На первый взгляд, эти рассуждения Коллинза контринтуитивны, поскольку насилие – неотъемлемый социальный факт – совершается в настолько разнообразных формах и масштабах, вплоть до столь чудовищных и извращенных, что едва ли приходится вспоминать о естественной предрасположенности людей к солидарному взаимодействию. Насилие, напоминает Коллинз в самом начале своей книги, «может быть кратким и эпизодическим – в качестве примера можно привести пощечину, – но может принимать масштабный и организованный характер, как в случае войны… Ужасное и героическое, отвратительное и захватывающее, самое осуждаемое и самое прославляемое из человеческих деяний – все это насилие». Почему же оно все-таки происходит, причем порой принимая экстремальные формы?
Ответ на этот вопрос прекрасно демонстрирует тонкую и порой едва уловимую разницу между поведенческой психологией и микроинтеракционистской социологией. В отличие от психолога, которого в большей степени интересовал бы субъект действия, а поиск ответа был бы нацелен на персональные особенности совершающих насилие, микросоциолог концентрируется на самой ситуации насильственного взаимодействия – в которой может оказаться каждый из нас и натворить таких бед, что затем будет почти невозможно поверить, что все это и правда совершил я. Вот характерное рассуждение Коллинза относительно того, почему для построения общей теории, объясняющей едва ли не все виды насилия, требуется сместить акцент с изучения личностных характеристик, в том числе обусловленных социальным бэкграундом, на ситуационный микроанализ:
Можно согласиться, что к совершению многих видов насилия наиболее склонны молодые мужчины. Однако это утверждение применимо не ко всем молодым мужчины, к тому же насилие в располагающих к этому ситуациях осуществляют и мужчины среднего возраста, и дети, и женщины. Аналогичным образом обстоит дело и с такими фоновыми переменными, как бедность, расовая принадлежность, происхождение из семьи, где родители развелись или был всего один родитель. Между этими переменными и определенными разновидностями насилия существуют некоторые статистические корреляции, однако их недостаточно для предсказания большинства случаев насилия.
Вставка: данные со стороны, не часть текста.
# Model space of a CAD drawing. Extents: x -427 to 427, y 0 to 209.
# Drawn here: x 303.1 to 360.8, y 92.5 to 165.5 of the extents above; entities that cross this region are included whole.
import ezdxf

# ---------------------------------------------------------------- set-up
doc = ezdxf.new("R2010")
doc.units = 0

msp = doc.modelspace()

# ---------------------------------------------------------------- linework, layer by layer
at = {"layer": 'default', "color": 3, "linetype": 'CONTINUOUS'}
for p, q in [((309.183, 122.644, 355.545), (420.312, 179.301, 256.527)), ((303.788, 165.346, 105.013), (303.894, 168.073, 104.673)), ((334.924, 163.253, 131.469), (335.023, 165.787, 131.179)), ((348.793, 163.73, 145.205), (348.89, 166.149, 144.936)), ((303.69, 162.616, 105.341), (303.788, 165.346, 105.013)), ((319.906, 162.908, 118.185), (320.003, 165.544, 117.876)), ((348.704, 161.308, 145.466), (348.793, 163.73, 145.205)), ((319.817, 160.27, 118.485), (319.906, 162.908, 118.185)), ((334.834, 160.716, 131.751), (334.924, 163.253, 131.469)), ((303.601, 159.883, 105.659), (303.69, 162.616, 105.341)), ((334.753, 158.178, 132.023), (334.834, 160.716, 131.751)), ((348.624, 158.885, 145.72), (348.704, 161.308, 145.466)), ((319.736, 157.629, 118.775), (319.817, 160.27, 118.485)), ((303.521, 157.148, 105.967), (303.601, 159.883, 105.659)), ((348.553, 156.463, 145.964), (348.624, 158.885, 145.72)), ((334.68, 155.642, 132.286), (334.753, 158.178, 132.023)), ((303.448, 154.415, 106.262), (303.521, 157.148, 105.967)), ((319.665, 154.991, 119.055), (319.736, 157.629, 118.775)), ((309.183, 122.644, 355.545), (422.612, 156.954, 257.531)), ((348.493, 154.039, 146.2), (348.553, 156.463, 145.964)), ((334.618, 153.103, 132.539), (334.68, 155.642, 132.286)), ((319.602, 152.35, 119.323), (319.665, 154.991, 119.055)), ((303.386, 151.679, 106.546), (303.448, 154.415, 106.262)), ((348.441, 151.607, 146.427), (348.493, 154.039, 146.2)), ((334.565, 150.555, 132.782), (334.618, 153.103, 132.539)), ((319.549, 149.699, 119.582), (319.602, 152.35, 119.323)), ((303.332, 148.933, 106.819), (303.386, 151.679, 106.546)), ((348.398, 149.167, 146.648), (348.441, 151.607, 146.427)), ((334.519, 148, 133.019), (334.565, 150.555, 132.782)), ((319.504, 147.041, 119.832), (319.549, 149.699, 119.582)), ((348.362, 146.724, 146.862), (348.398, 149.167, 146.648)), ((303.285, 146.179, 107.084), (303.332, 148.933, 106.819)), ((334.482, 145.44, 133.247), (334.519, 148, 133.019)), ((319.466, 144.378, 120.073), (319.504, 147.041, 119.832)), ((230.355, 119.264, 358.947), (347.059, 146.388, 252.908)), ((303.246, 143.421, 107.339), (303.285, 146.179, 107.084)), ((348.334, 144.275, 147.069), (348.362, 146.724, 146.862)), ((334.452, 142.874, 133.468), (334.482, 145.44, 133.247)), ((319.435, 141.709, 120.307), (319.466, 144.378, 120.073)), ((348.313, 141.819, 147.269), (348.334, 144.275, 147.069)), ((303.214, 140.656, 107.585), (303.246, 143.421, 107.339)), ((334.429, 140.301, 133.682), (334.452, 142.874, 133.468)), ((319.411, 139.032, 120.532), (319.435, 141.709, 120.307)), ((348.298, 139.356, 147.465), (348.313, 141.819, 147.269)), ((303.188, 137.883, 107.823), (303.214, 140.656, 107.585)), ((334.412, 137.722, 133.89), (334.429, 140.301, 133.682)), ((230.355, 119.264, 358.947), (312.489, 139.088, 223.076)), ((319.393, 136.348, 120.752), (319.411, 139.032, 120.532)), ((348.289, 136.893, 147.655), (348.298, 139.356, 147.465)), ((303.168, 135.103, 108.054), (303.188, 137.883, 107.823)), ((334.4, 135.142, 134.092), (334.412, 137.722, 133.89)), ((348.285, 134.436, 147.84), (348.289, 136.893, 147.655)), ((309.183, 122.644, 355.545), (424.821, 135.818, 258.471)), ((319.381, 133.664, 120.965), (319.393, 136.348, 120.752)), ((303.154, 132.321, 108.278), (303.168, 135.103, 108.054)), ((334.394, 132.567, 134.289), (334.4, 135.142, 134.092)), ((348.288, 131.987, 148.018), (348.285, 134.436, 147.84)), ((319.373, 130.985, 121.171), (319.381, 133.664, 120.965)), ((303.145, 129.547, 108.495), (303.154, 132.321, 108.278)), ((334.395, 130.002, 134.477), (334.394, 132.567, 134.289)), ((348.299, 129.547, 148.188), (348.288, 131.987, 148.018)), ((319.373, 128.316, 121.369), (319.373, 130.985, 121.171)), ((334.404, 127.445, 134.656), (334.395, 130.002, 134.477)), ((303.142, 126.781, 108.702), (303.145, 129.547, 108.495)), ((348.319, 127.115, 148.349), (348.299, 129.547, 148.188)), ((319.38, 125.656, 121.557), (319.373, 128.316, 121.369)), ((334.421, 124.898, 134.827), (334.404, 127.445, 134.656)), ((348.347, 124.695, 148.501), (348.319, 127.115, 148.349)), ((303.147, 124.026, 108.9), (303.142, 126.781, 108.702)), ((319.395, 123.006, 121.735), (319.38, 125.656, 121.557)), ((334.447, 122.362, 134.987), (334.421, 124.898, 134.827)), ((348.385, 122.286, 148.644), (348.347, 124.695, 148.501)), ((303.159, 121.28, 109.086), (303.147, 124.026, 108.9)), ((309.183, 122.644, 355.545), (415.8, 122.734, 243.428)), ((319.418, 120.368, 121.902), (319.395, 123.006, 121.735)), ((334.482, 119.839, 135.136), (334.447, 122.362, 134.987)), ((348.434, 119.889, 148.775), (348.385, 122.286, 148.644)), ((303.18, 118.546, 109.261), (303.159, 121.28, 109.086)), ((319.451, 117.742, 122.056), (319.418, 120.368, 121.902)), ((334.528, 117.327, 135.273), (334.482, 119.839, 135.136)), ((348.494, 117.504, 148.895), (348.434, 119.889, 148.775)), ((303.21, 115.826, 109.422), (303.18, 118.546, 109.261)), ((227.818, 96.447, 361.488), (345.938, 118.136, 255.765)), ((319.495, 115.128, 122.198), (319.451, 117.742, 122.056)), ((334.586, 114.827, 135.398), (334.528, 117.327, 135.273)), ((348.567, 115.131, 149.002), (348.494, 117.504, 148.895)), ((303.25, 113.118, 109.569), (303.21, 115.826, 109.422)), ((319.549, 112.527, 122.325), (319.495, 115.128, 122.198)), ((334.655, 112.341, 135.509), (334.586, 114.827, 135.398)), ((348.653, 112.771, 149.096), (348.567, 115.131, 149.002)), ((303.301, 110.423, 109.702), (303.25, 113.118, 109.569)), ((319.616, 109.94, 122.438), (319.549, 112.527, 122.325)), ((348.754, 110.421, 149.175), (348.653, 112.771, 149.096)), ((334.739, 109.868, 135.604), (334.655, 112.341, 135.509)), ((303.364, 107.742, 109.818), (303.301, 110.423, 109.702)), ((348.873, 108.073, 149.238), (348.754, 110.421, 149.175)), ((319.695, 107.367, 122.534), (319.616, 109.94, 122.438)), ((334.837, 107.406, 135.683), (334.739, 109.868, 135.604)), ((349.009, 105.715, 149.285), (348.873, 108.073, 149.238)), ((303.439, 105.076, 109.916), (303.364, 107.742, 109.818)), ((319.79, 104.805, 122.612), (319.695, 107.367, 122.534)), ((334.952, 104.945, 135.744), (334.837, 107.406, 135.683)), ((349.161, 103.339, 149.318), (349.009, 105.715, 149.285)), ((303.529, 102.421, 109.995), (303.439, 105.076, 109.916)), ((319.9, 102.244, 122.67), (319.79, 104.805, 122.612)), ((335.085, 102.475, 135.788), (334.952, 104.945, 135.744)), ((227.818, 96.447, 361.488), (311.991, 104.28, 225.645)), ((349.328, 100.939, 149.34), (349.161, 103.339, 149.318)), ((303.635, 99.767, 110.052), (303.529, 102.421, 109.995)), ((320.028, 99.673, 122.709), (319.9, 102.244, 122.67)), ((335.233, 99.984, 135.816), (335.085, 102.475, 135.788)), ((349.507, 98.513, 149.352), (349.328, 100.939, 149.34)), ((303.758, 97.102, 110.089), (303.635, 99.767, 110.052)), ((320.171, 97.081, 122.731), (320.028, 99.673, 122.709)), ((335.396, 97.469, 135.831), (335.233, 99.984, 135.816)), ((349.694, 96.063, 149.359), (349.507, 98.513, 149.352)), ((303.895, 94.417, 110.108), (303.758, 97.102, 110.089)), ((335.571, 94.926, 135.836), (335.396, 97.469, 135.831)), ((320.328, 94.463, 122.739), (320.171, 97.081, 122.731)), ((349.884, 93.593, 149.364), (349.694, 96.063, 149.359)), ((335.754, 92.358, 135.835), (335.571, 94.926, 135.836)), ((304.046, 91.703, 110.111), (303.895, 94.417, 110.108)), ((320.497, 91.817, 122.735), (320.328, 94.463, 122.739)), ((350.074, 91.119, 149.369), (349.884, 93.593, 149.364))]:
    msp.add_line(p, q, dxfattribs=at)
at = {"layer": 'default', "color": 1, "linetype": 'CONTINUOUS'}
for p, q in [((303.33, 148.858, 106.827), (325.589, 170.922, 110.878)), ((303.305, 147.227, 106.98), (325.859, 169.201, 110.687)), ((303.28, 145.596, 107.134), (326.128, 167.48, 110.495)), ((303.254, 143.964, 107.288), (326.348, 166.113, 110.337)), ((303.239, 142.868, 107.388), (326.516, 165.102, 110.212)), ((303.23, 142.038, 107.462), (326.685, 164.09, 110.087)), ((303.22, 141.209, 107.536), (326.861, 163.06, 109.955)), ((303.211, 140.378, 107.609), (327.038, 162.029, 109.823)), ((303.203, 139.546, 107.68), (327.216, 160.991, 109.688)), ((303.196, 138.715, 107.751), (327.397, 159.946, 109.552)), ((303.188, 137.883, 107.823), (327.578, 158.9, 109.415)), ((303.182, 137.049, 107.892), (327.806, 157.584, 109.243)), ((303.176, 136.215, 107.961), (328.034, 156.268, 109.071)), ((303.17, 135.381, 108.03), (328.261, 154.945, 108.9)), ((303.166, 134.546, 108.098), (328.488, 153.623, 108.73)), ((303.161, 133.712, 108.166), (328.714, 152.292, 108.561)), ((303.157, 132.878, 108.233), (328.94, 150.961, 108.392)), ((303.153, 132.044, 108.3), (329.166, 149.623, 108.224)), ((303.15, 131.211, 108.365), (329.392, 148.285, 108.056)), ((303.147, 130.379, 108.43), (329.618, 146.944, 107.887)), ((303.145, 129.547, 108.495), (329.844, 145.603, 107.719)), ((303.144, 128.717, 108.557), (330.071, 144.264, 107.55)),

Принципиальным моментом для любой ситуации, в которой может произойти насилие, является способность или неспособность одной из сторон взаимодействия преодолеть барьер конфронтационной напряженности, сопровождаемой страхом – либо прорвать его напрямую, либо найти различные обходные пути, либо обставить насильственную ситуацию различными ограничителями, когда она оказывается управляемой либо вовсе не воспринимается как насилие. Первый из этих сценариев Коллинз именует термином «наступательная паника»: участники конфликта, долгое время находящиеся на физическом и эмоциональном взводе, неожиданно выпадают из зоны напряженности – но не в противоположную сторону от противника, а прямо по направлению к нему. В этот момент происходит резкое изменение баланса в распределении эмоциональной энергии (еще один важнейший термин в теории насилия Коллинза). Приступу наступательной паники обычно предшествует временная передышка в конфликте, когда стороны как будто успокаиваются и расслабляются, но вдруг у одной из них появляется эмоциональный порыв, который не может сдержать противник – в результате у наступающих происходит возгонка эмоциональной энергии за счет резкого ее снижения у обороняющихся. Именно поэтому наступательная паника – это действительно самый опасный из всех типов насильственных ситуаций, поскольку она нередко перерастает в «туннель насилия» с массовыми убийствами и полным отсутствием каких-либо табу: в качестве одного из самых чудовищных в мировой истории примеров Коллинз приводит Нанкинскую резню, устроенную японскими военными во время боевых действий в Китае в 1937 году.